A colmare questa gravissima lacuna giunge il volume della Fondazione Fare Futuro “Italia 20.20 – Rapporto sull’’Interesse Nazionale” che sta cominciando a circolare in questi giorni (per scaricare una copia in Pdf cliccare su questo link) e che verrà presentato in settembre. La Fondazione Fare Futuro è, come è noto, il maggiore think tank del centro destra, ma tra i 55 autori del rapporto (tra cui anche chi scrive questa nota ed il fondatore di questa testata, Paolo Messa) ci sono personalità di culture e sensibilità politiche differenti (ad esempio, Domenico Arcuri, Domenico De Masi, Marco Fortis, Ernesto Galli della Loggia, Umberto Ranieri e molti altri). Quindi, è un documento plurale e corale che in questa fase di dure contrapposizioni merita di essere letto e meditato.
Nel volume, l’interesse nazionale viene declinato sotto molteplici aspetti: da quello culturale a quello economico, da quello delle relazioni internazionali a quello del ruolo dell’Italia in Europa. Nei suoi capitoli, si tratta di come uscire dal declino economico, di come rilanciare lo Stato, le istituzioni, la funzione pubblica, della centralità della programmazione, dell’Italia come soggetto globale, della nostra Patria in Europa. Le conclusioni declinano in dieci punti (ciascuno dei quali articolato in vari sotto capitoletti specifici e puntuali). Particolarmente significativi ai fini immediati delle decisioni sulla governance sono quelli sulla programmazione economica. Ciò richiede una valorizzazione del Comitato interministeriale della programmazione economica (Cipe), una pubblicazione amministrazione più efficiente (allineando il quadro normativo a quello delle migliori pratiche europee), ed un monitoraggio attento degli investimenti e delle politiche pubbliche (e quindi anche delle riforme, nei comparti dell’istruzione e della giustizia, che da anni vengono indicati dalla Commissione europea come prioritari per l’Italia). Al Cipe darà indirizzo (e vigilerà sulle sue scelte) il Parlamento.

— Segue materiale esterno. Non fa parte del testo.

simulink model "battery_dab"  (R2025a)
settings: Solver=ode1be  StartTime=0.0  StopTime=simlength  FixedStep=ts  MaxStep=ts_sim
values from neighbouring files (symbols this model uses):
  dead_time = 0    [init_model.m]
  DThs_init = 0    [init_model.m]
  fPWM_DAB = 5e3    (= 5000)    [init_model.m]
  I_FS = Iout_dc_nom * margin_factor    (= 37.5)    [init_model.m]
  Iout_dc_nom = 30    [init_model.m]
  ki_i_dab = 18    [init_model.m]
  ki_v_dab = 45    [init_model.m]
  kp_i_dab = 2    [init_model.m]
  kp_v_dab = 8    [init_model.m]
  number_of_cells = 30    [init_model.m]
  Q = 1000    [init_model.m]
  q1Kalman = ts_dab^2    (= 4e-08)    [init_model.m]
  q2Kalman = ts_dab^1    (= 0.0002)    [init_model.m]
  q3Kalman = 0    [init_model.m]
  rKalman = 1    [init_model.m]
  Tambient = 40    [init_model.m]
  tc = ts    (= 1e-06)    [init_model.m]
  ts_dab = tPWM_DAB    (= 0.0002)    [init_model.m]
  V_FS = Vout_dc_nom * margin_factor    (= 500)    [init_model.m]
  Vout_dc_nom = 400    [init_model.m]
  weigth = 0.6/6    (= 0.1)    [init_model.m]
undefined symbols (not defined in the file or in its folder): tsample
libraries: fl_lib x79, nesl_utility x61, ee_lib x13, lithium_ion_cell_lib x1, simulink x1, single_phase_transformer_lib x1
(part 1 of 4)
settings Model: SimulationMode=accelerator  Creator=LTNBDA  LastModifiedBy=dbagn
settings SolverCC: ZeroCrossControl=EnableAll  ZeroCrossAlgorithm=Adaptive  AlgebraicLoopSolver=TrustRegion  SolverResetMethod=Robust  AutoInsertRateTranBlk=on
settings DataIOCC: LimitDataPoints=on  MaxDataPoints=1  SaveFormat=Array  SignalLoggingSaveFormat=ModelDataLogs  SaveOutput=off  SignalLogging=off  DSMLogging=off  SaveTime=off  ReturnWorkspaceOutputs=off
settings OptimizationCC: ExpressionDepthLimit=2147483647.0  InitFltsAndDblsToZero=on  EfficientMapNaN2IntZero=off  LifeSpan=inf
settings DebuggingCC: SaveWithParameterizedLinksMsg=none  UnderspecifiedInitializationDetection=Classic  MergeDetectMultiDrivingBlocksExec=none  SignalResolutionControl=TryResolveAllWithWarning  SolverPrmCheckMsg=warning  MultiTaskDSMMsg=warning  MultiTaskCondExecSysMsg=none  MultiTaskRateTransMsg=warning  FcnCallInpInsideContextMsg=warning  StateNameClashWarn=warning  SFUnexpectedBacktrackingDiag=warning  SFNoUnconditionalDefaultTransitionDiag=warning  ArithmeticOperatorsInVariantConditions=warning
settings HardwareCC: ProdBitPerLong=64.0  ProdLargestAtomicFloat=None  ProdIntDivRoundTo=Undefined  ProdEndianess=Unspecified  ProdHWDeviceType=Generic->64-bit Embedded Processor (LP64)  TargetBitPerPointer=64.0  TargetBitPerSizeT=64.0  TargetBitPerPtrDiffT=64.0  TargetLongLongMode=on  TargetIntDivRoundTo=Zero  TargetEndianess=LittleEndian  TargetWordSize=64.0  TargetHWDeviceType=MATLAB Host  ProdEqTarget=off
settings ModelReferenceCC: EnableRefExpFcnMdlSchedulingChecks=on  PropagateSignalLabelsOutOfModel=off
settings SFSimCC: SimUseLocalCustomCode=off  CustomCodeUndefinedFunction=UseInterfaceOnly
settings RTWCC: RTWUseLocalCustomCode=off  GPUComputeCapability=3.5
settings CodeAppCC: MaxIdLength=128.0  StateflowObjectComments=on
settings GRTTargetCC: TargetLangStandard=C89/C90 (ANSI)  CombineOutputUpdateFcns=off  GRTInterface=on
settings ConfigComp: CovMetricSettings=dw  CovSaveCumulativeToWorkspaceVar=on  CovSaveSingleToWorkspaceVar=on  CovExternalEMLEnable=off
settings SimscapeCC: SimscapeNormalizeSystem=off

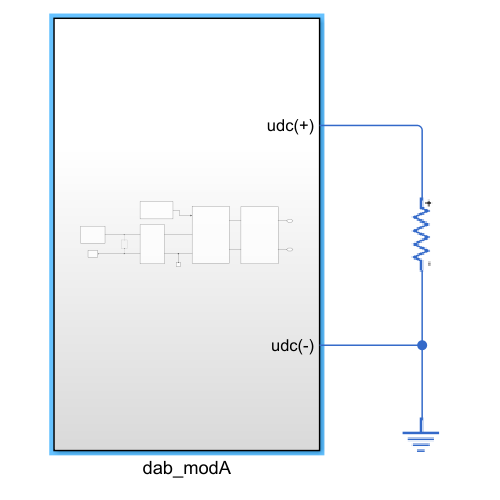
[thumbnail: Simulink's stored preview of the top-level diagram]
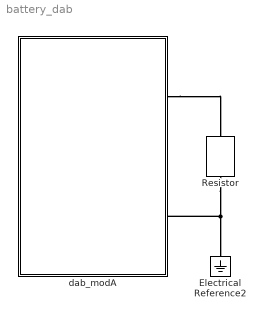
== system battery_dab ==
  Electrical Reference2 : fl_lib/Electrical/Electrical Elements/Electrical Reference
  Resistor : fl_lib/Electrical/Electrical Elements/Resistor  R=10e3 Ohm  i_specify=off  i_priority=None  i=0 A  i_nominal_specify=off  i_nominal_value=1  i_nominal_unit=A  v_specify=off  v_priority=None  v=0 V  v_nominal_specify=off  v_nominal_value=1  v_nominal_unit=V
  dab_modA : Subsystem
  connections:
  Resistor/RConn1 -- Electrical Reference2/LConn1 -- dab_modA/RConn2
  dab_modA/RConn1 -- Resistor/LConn1

== system battery_dab/dab_modA ==
  Electrical Reference : fl_lib/Electrical/Electrical Elements/Electrical Reference
  Solver Configuration : nesl_utility/Solver Configuration  PhysicalDomain=network_engine_domain  SubClassName=solver  LeftPortType=input  RightPortType=generic  Tones=[]  Harmonics=[]  SimulateNoise=off  Profile=off  UseLocalSampling=off  EnableSwitchedLinearOptims=on  FrequencyDomain=off  UseCCode=off  RelTol=0.001  AbsTol=0.001  MinStep=1e-09  ToWorkspace=off  RevertToSquareIcSolve=off  NumHomotopyIterations=100  PhasorMode=off  PhasorModeNumHarmonics=1  ConsistencySolver=NEWTON_FTOL  IndexReductionMethod=DerivativeReplacement  DoDC=on  ResidualTolerance=1e-09  ConsistencyTolSource=GLOBAL  ConsistencyAbsTol=0.001  ConsistencyRelTol=0.001  ConsistencyTolFactor=0.001  UseLocalSolver=on  LocalSolverChoice=NE_BACKWARD_EULER_ADVANCER  ResolveIndetEquations=on  FunctionEvalNumThread=1  LocalSolverSampleTime=ts  DoFixedCost=on  MaxNonlinIter=3  MaxModeIter=2  ComputeImpulses=off  ImpulseIterations=2  LinearAlgebra=auto  LinearAlgebraNumThread=0  EquationFormulation=NE_TIME_EF  DelaysMemoryBudget=1024  AutomaticFiltering=on  FilteringTimeConstant=0.001  PartitionStorageMethod=AS_NEEDED  PartitionMemoryBudget=1024  PartitionMethod=ROBUST  MultibodyUseLocalSolver=off  MultibodyLocalSolverChoice=ODE1  MultibodyLocalSolverSampleTime=0.001
  Voltage Source : ee_lib/Sources/Voltage Source  Commented=on  dc_voltage=90 V  ac_voltage=0 V  ac_shift=0 rad  ac_frequency=60 Hz  noise_mode=ee.enum.sources.noise.Disabled  PSD=0 V^2/Hz  sample_time=1e-3 s  repeatability=ee.enum.sources.repeatability.NotRepeatable  user_seed=0  auto_seed=3499211588  i_specify=off  i_priority=None  i=0 A  i_nominal_specify=off  i_nominal_value=1  i_nominal_unit=A  v_specify=off  v_priority=None  v=0 V  v_nominal_specify=off  v_nominal_value=1  v_nominal_unit=V
  battery_system : Subsystem
  dab : Subsystem
  dab_ctrl : Subsystem
  single_phase_ui_measure1 : Subsystem
  ui_measure : Subsystem
  udc(+) : PMIOPort  Side=Right
  udc(-) : PMIOPort  Port=2  Side=Right
  wires:
  dab_ctrl/1(gate_commands) -> dab/1(gate_commands)
  connections:
  dab/RConn1 -- ui_measure/LConn1
  dab/RConn2 -- ui_measure/LConn2
  udc(+)/RConn1 -- ui_measure/RConn1
  udc(-)/RConn1 -- ui_measure/RConn2
  dab/LConn2 -- single_phase_ui_measure1/RConn2 -- Electrical Reference/LConn1
  battery_system/RConn1 -- Voltage Source/LConn1 -- single_phase_ui_measure1/LConn1
  single_phase_ui_measure1/RConn1 -- dab/LConn1
  single_phase_ui_measure1/LConn2 -- Solver Configuration/RConn1 -- Voltage Source/RConn1

== system battery_dab/dab_modA/battery_system ==
  Electrical Reference1 : fl_lib/Electrical/Electrical Elements/Electrical Reference
  LithiumIonBattery : Subsystem
  Uout+ : PMIOPort  Side=Right
  connections:
  LithiumIonBattery/RConn2 -- Electrical Reference1/LConn1
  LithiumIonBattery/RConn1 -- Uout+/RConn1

Al Cipe può essere utilmente affiancato il Cnel, nella sua doppia funzione di organo di rappresentanza delle parti sociali e dei corpi intermedi e di consulente primario di governo e Parlamento. Queste proposte non così distanti da quelle formulate dalla Fondazione Ugo La Malfa e dall’Associazione Guido Carli, due think tank a cui preme l’interesse nazionale.
L’interesse nazionale in una operazione di definizione ed attuazione degli investimenti e delle riforme per il rilancio economico dell’Italia con il supporto europeo deve essere anche quello di utilizzare questa occasione per andare verso una nuova Ue e predisporre le proposte dell’Italia alla Conferenza sul futuro dell’Europa, che – si auspica – è stata solamente ritardata dalla pandemia. Ciò deve fare sentire l’Europa più vicina al cuore degli italiani, darle un’anima ed una visione a lungo termine. Uscire dal trabocchetto di mostrare l’Europa come una costruzione dei mercati finanziari e dei burocrati. Come ha rilevato acutamente Angelo Panebianco, sul Corriere della Sera del 27 luglio, mentre gli euroscettici sanno dare un’anima ed un cuore alle loro tesi, da alcuni anni gli europeisti hanno difficoltà a farlo. La sezione del rapporto dedicata all’Ue contiene utili indicazioni in questa materia, nonché suggerimenti immediati come una revisione delle regole di mercato interno e concorrenza, che finiscono per penalizzare a crescita di aggregazioni attraverso la loro inclusione in catene del valore europee ed il bando al dumping tributario.
Buona lettura.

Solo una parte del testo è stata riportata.